### Task prompt
Pick out the lines below with "shunt" and list them.

Top of Task data

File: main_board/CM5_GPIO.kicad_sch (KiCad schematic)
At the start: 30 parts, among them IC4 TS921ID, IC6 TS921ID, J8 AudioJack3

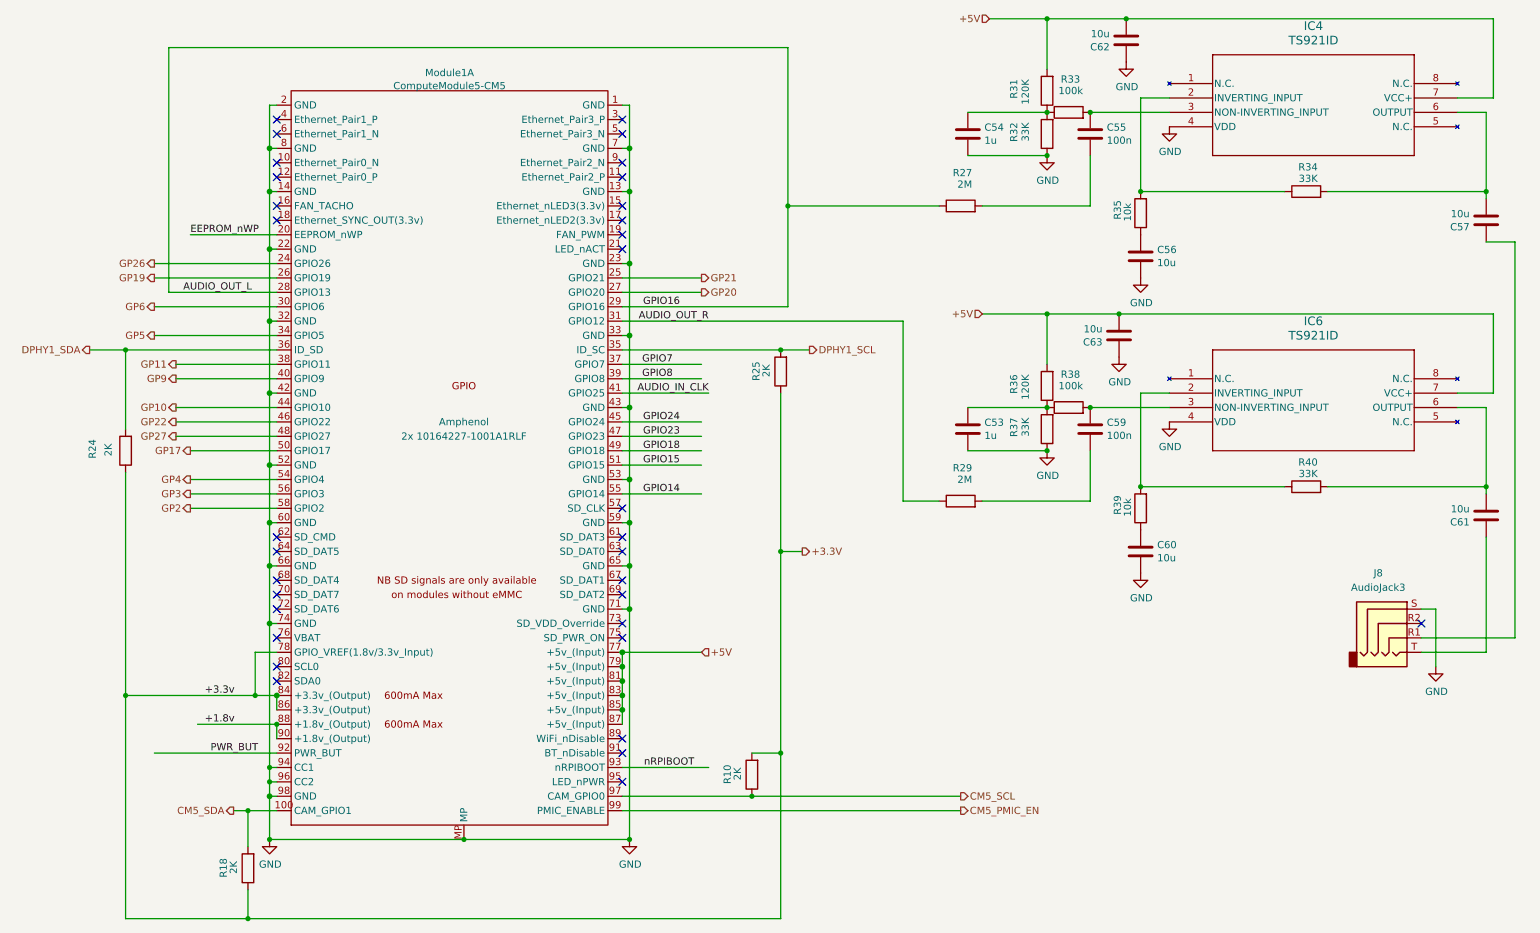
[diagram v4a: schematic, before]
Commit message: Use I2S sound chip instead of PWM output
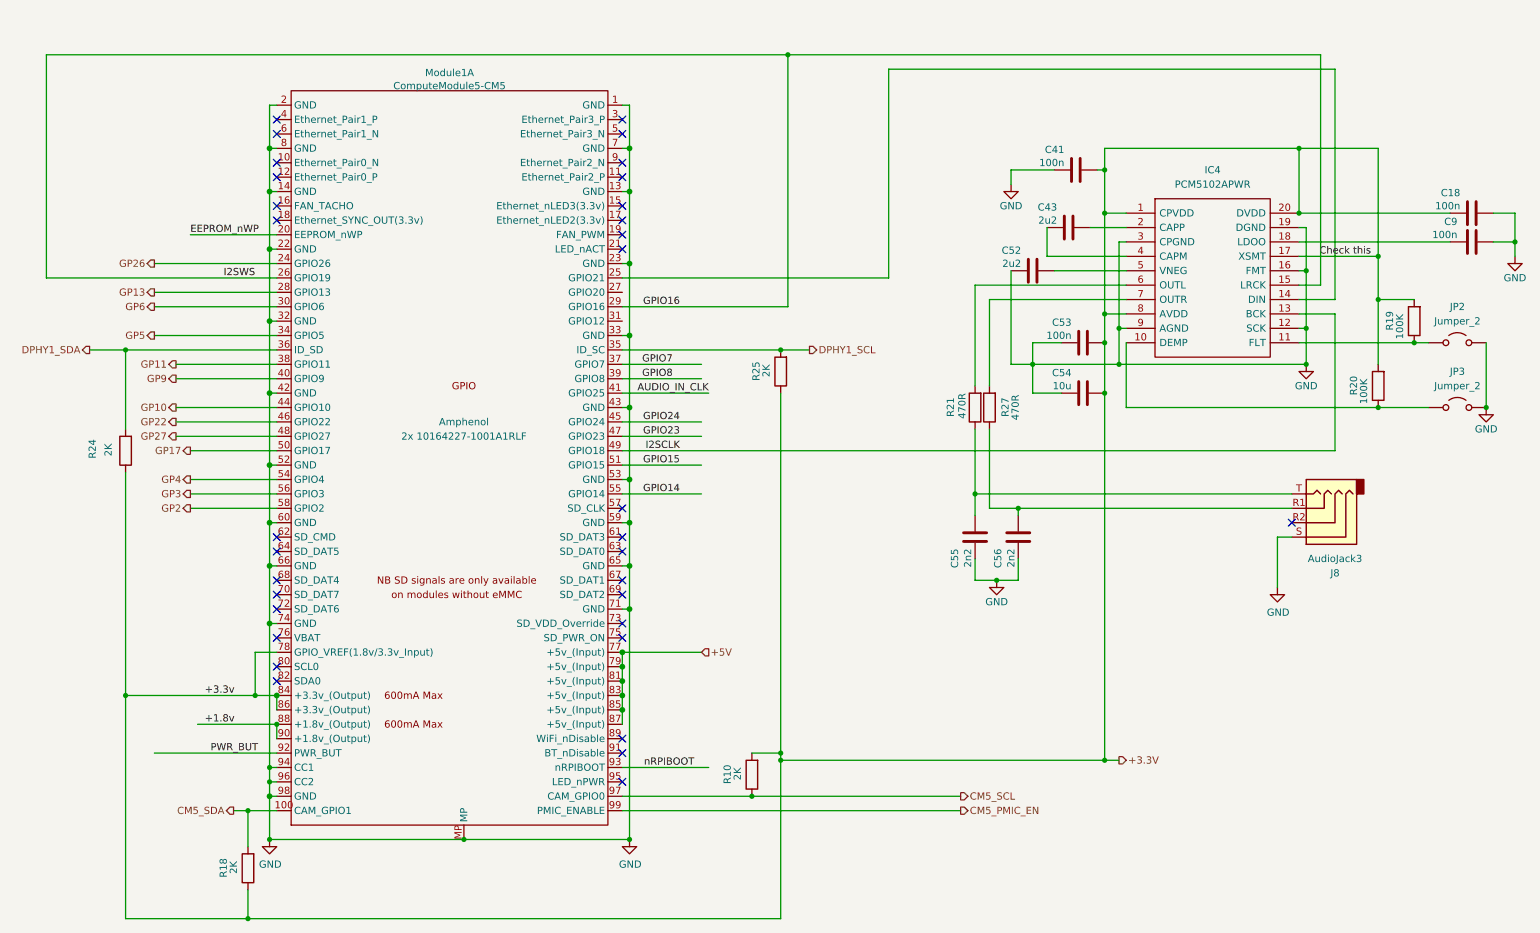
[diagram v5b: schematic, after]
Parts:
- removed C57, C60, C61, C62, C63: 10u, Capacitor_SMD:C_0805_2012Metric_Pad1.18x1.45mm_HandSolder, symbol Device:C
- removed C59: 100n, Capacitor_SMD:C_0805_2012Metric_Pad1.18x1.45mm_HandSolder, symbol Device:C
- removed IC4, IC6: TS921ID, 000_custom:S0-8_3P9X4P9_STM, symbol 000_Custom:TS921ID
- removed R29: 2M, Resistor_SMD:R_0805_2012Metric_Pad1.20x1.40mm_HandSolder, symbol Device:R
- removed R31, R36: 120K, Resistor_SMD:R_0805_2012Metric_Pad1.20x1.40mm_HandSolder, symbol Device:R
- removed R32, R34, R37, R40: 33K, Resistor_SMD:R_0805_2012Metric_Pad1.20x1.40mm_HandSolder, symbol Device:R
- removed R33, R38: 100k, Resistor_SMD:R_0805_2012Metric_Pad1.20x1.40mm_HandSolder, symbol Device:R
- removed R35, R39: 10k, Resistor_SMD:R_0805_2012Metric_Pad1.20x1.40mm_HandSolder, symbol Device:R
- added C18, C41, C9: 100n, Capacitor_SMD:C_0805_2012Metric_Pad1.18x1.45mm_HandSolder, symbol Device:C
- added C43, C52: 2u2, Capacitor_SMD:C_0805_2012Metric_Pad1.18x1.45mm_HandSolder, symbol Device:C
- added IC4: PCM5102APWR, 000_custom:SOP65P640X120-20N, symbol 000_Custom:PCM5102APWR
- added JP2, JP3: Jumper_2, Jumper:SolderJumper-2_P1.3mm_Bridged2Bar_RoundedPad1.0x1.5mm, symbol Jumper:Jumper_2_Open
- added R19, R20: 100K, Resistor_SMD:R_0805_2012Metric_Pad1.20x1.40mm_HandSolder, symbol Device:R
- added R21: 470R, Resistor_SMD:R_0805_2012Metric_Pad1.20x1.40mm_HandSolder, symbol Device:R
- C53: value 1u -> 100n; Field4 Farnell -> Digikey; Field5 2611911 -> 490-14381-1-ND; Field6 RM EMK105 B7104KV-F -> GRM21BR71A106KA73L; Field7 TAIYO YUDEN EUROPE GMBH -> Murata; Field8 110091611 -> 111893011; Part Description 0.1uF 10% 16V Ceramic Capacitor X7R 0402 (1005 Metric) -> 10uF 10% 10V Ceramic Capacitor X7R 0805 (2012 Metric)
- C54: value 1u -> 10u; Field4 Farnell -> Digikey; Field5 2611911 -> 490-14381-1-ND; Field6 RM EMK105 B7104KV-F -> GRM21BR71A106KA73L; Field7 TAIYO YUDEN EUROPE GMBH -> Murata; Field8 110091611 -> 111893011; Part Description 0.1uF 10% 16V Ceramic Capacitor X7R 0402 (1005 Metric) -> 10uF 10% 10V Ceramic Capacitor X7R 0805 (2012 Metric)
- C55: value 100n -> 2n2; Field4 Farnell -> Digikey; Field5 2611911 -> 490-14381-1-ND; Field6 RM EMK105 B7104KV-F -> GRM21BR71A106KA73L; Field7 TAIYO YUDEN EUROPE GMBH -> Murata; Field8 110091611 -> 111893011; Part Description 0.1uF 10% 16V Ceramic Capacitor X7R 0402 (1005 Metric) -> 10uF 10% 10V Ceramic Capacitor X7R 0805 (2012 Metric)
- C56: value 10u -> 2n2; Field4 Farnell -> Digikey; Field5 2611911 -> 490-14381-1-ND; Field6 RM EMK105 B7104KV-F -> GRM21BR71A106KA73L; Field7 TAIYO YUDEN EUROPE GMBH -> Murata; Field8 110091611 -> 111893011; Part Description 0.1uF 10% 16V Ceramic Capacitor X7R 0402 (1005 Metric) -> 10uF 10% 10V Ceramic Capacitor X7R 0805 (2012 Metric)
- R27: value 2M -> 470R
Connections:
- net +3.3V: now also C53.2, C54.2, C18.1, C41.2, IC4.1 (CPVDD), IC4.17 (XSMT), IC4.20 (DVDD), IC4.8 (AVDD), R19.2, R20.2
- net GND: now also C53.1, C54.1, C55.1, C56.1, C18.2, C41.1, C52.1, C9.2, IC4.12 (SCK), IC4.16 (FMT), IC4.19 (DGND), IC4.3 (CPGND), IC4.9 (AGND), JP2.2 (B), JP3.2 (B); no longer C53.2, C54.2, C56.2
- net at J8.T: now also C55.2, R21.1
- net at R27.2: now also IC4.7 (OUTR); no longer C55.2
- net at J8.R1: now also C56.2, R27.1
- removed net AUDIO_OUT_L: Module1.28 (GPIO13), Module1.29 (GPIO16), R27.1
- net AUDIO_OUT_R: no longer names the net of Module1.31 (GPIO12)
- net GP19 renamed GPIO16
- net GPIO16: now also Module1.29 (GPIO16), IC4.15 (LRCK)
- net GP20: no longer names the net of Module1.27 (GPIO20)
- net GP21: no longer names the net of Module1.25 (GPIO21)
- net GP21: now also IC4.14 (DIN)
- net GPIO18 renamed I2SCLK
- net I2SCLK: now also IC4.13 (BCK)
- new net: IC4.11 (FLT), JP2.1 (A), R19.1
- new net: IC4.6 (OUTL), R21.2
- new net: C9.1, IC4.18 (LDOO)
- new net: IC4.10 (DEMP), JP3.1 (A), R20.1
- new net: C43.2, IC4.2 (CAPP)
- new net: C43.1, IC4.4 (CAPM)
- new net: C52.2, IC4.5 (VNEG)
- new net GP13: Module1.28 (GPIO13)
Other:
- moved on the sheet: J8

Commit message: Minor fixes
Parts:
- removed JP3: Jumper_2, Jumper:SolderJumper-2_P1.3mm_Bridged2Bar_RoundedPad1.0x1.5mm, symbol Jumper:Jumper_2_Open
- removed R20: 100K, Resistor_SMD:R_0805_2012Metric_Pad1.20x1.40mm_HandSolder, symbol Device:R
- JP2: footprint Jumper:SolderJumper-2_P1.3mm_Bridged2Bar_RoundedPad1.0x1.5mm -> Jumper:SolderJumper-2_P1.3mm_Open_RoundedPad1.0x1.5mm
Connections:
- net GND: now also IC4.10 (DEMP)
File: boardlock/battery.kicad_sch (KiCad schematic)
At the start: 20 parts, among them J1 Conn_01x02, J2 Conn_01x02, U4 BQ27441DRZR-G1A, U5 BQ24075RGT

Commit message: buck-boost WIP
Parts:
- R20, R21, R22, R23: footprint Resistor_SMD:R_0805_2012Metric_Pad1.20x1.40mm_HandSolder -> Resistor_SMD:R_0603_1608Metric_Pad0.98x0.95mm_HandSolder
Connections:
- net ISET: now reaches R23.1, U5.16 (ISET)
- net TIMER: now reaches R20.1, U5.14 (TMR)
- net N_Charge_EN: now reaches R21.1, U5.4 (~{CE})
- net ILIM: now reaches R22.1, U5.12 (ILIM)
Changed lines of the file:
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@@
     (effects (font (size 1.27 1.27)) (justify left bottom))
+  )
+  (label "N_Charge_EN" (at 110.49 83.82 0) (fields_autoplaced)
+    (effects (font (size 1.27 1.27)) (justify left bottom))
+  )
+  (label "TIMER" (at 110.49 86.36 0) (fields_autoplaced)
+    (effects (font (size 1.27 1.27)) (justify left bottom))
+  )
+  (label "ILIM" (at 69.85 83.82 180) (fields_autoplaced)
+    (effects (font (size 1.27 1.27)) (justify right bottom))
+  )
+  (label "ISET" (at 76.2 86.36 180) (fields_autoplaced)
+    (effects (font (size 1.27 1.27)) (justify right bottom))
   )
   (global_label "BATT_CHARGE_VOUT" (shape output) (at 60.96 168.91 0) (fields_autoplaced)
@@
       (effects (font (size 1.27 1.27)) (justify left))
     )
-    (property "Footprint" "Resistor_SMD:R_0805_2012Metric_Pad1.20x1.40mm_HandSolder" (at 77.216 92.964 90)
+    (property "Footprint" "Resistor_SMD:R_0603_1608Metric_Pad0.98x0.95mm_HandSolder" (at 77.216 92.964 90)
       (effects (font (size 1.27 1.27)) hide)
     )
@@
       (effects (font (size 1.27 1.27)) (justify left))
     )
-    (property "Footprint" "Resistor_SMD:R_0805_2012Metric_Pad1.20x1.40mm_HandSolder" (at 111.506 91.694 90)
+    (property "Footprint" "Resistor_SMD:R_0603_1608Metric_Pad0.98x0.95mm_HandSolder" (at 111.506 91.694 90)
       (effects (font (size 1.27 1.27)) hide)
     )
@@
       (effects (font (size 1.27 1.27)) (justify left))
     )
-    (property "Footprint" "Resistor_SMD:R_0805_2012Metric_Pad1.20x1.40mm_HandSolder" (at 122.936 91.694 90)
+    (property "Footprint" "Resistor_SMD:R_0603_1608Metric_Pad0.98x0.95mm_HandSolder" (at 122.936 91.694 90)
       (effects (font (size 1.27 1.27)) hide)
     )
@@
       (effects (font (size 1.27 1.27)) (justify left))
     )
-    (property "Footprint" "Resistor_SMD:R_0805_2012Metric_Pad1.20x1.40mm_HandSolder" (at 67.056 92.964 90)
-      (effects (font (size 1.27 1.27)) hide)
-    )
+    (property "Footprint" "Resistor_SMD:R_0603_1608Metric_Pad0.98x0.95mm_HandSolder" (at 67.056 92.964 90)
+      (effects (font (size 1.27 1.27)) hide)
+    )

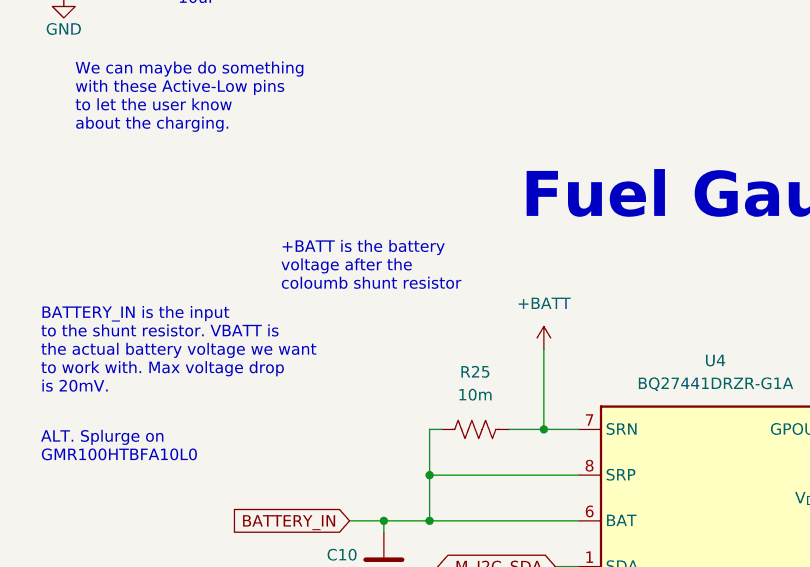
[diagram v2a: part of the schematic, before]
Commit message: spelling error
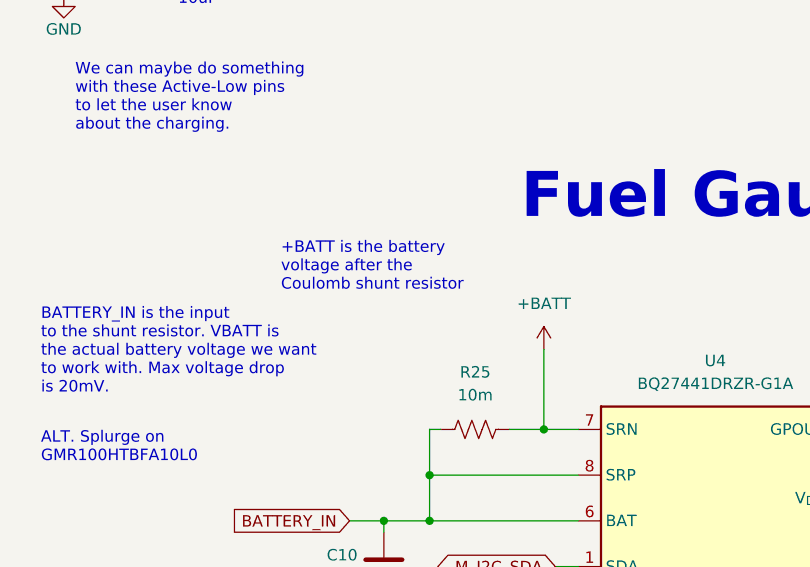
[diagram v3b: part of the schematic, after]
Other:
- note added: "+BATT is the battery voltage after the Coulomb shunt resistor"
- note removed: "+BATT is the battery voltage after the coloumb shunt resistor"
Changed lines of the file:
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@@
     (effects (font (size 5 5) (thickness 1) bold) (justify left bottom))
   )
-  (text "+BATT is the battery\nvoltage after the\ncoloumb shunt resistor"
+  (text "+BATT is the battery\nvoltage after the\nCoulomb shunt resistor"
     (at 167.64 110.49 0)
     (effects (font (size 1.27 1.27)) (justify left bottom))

Bottom of Task data

### Task result
- note added: "+BATT is the battery voltage after the Coulomb shunt resistor"
- note removed: "+BATT is the battery voltage after the coloumb shunt resistor"
-  (text "+BATT is the battery\nvoltage after the\ncoloumb shunt resistor"
+  (text "+BATT is the battery\nvoltage after the\nCoulomb shunt resistor"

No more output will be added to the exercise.